I've built a couple graph based localizers, and they're good for pro-users that know where their robot is to start with, but if you get genuinely delocalized or don't know your starting point within some reasonable range, then I havent seen too many ways in graph-based methods that don't involve keeping huge buffers of data of fixing the kidnapped robot problem.

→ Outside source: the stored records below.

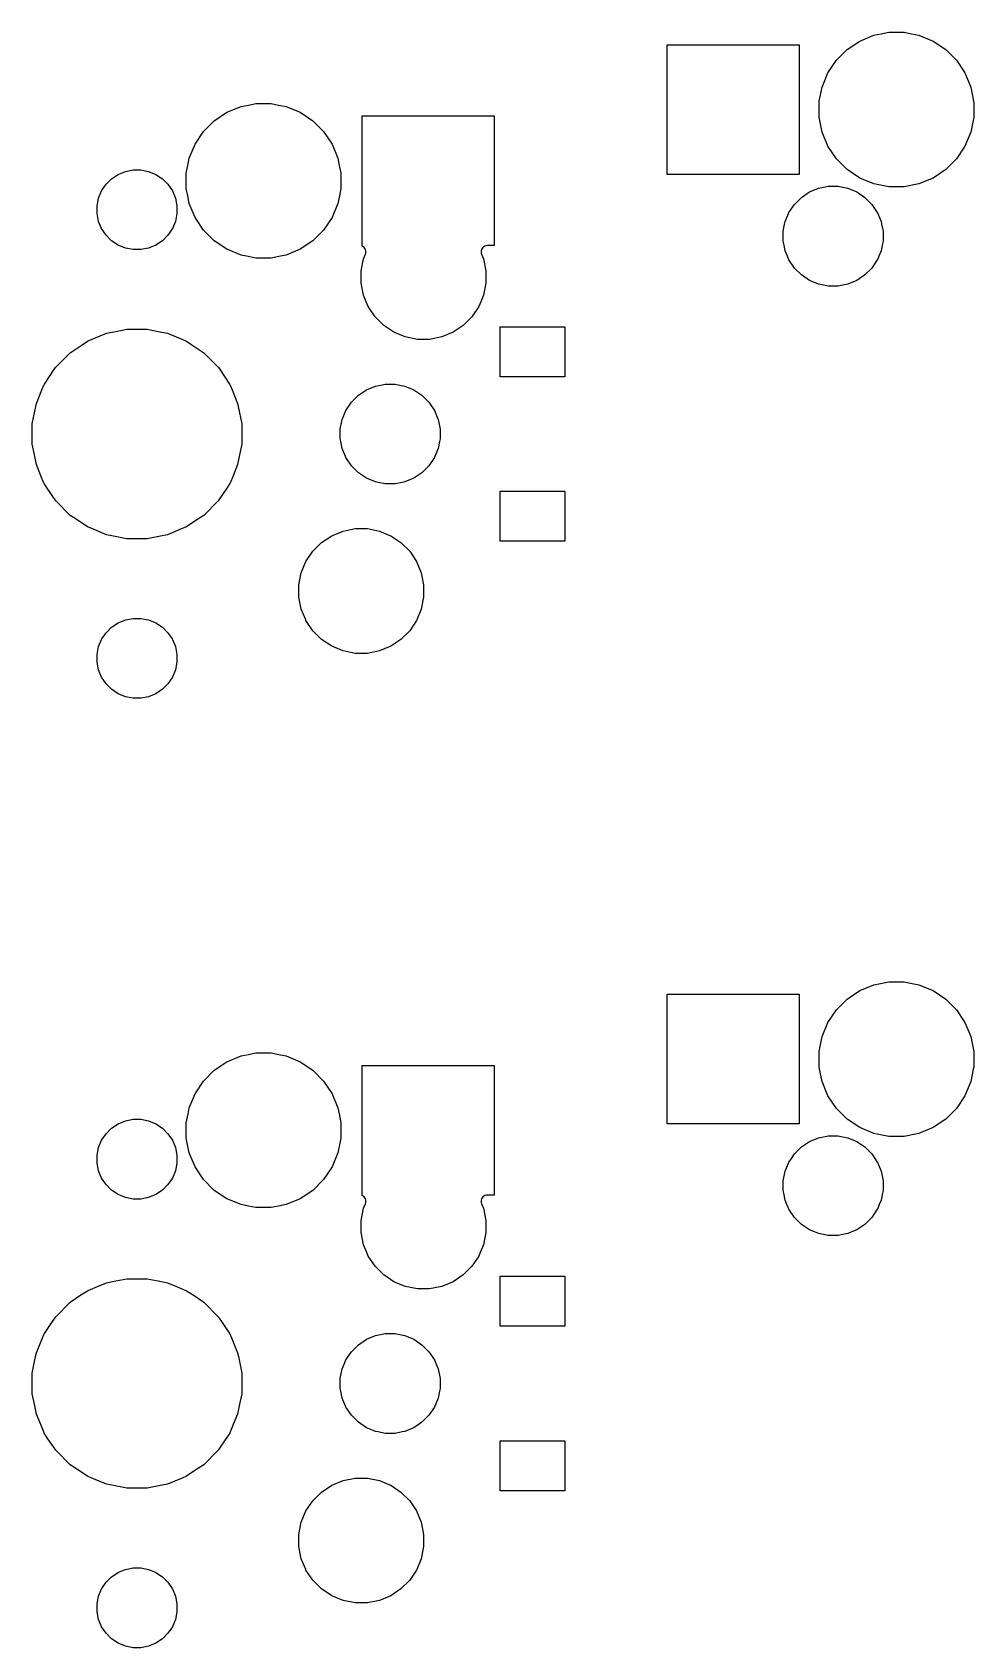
# Model space of a CAD drawing. Extents: x 52 to 337, y -159 to -34.
# Drawn here: x 105.85 to 124.74, y -70.39 to -37.98 of the extents above; entities that cross this region are included whole.
import ezdxf

# ---------------------------------------------------------------- set-up
doc = ezdxf.new("R2010")
doc.units = 0
doc.layers.add('BLACK', color=7, linetype='CONTINUOUS')

msp = doc.modelspace()

# ---------------------------------------------------------------- linework, layer by layer
at = {"layer": 'BLACK', "linetype": 'CONTINUOUS'}
for p, q in [((118.589, -40.8297), (118.589, -38.2278)), ((118.589, -38.2278), (121.241, -38.2278)), ((121.241, -38.2278), (121.241, -40.8297)), ((122.201, -38.324), (122.455, -38.1543)), ((122.455, -38.1543), (122.738, -38.0374)), ((122.738, -38.0374), (122.887, -38.0076)), ((122.887, -38.0076), (123.037, -37.9778)), ((123.037, -37.9778), (123.343, -37.9778)), ((123.343, -37.9778), (123.493, -38.0076)), ((123.493, -38.0076), (123.642, -38.0374)), ((123.642, -38.0374), (123.925, -38.1543)), ((123.925, -38.1543), (124.179, -38.324)), ((121.816, -38.7941), (121.985, -38.54)), ((121.985, -38.54), (122.201, -38.324)), ((124.179, -38.324), (124.395, -38.54)), ((124.395, -38.54), (124.564, -38.7941)), ((121.713, -39.042), (121.816, -38.7941)), ((124.564, -38.7941), (124.667, -39.042)), ((121.642, -39.3595), (121.699, -39.0763)), ((121.699, -39.0763), (121.713, -39.042)), ((124.667, -39.042), (124.681, -39.0763)), ((124.681, -39.0763), (124.738, -39.3595)), ((109.755, -39.583), (110.038, -39.4661)), ((110.038, -39.4661), (110.187, -39.4363)), ((110.187, -39.4363), (110.337, -39.4065)), ((110.337, -39.4065), (110.643, -39.4065)), ((110.643, -39.4065), (110.793, -39.4363)), ((110.793, -39.4363), (110.942, -39.4661)), ((110.942, -39.4661), (111.225, -39.583)), ((121.639, -39.376), (121.642, -39.3595)), ((121.639, -39.6815), (121.639, -39.376)), ((124.738, -39.3595), (124.741, -39.376)), ((124.741, -39.376), (124.741, -39.6815)), ((109.285, -39.9688), (109.501, -39.7528)), ((109.501, -39.7528), (109.755, -39.583)), ((111.225, -39.583), (111.479, -39.7528)), ((111.479, -39.7528), (111.695, -39.9688)), ((112.466, -42.2676), (112.466, -39.6565)), ((112.466, -39.6565), (115.118, -39.6565)), ((115.118, -39.6565), (115.118, -42.2585)), ((121.699, -39.9812), (121.639, -39.6815)), ((124.741, -39.6815), (124.681, -39.9812)), ((109.116, -40.2228), (109.285, -39.9688)), ((111.695, -39.9688), (111.864, -40.2228)), ((121.816, -40.2634), (121.699, -39.9812)), ((124.681, -39.9812), (124.564, -40.2634)), ((108.977, -40.6136), (108.999, -40.5051)), ((108.999, -40.5051), (109.116, -40.2228)), ((111.864, -40.2228), (111.981, -40.5051)), ((111.981, -40.5051), (112.003, -40.6136)), ((121.985, -40.5175), (121.816, -40.2634)), ((124.564, -40.2634), (124.395, -40.5175)), ((107.439, -40.9153), (107.571, -40.8277)), ((107.571, -40.8277), (107.716, -40.7673)), ((107.571, -40.8277), (107.571, -40.8277)), ((107.716, -40.7673), (107.871, -40.7365)), ((107.871, -40.7365), (108.029, -40.7365)), ((108.029, -40.7365), (108.184, -40.7673)), ((108.184, -40.7673), (108.329, -40.8277)), ((108.329, -40.8277), (108.329, -40.8277)), ((108.329, -40.8277), (108.461, -40.9153)), ((108.939, -40.8047), (108.977, -40.6136)), ((108.939, -41.1103), (108.939, -40.8047)), ((112.003, -40.6136), (112.041, -40.8047)), ((112.041, -40.8047), (112.041, -41.1103)), ((121.241, -40.8297), (118.589, -40.8297)), ((122.201, -40.7335), (121.985, -40.5175)), ((122.455, -40.9032), (122.201, -40.7335)), ((124.179, -40.7335), (123.925, -40.9032)), ((124.395, -40.5175), (124.179, -40.7335)), ((107.18, -41.3039), (107.24, -41.1581)), ((107.24, -41.1581), (107.328, -41.0269)), ((107.24, -41.1581), (107.24, -41.1581)), ((107.328, -41.0269), (107.439, -40.9153)), ((108.461, -40.9153), (108.572, -41.0269)), ((108.572, -41.0269), (108.66, -41.1581)), ((108.66, -41.1581), (108.66, -41.1581)), ((108.66, -41.1581), (108.72, -41.3039)), ((108.969, -41.2601), (108.939, -41.1103)), ((112.041, -41.1103), (112.011, -41.2601)), ((121.446, -41.1817), (121.628, -41.1062)), ((121.628, -41.1062), (121.792, -41.0736)), ((121.792, -41.0736), (121.821, -41.0677)), ((121.821, -41.0677), (122.019, -41.0677)), ((122.019, -41.0677), (122.048, -41.0736)), ((122.048, -41.0736), (122.212, -41.1062)), ((122.212, -41.1062), (122.394, -41.1817)), ((122.738, -41.0201), (122.455, -40.9032)), ((122.772, -41.0269), (122.738, -41.0201)), ((123.037, -41.0797), (122.772, -41.0269)), ((123.343, -41.0797), (123.037, -41.0797)), ((123.608, -41.0269), (123.343, -41.0797)), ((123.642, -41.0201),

PF based methods (or filter based, for that matter) have their place and I think that's really what most people want. The optimizer based methods are to squeeze out those last drops of accuracy you can get at the cost of some of that flexibility because you don't want to maintain too large of a graph or you start dropping ability to do real-time at >30 hz. I could be wrong here but there's not a great amount of literature on it so this is mostly from my experience and chatting with colleagues at other companies, I'd love to hear alternative solutions to fix that and I'm all over dropping filter based localizers all together

yathartha3 commented 4 years ago

I added a printf to the code when this condition is hit, and here is what I see:

11: [amcl-5] Error: i = 2000, r = 0.779539, prev_r = 0.917729, c[i - 1] = 0.738366, c[i] = 0.738954

The problem appears to me to be that the r values can be greater than the last value in the c[i] array, which is set in a for loop above the failing code:

@mkhansen-intel This seems weird to me. At iteration 2000, the c value should sum upto 1, or atleast be very close to 1 since it is calculated by the addition of normalized weights I believe. When I ran it once, the final 'c' summed up to 1. It is going to fail if the last c value is like 0.74 that you are seeing. However, why that last c value is so small is what I am trying to understand. Saving the array of c values when it fails, along with the random number generated might give us a clue.

mkhansenbot commented 4 years ago

OK, I have no idea why this was happening before, but it's now not happening anymore, and I ran the localization test 300x yesterday and it passed every time. So I'm wondering if somehow my system libraries were mismatched or something specific to my system at the time I was seeing this. In any case, I cant' reproduce anymore, so I'm closing this. The good news is there's no bug, the bad news is it wasted a couple days of my time last month.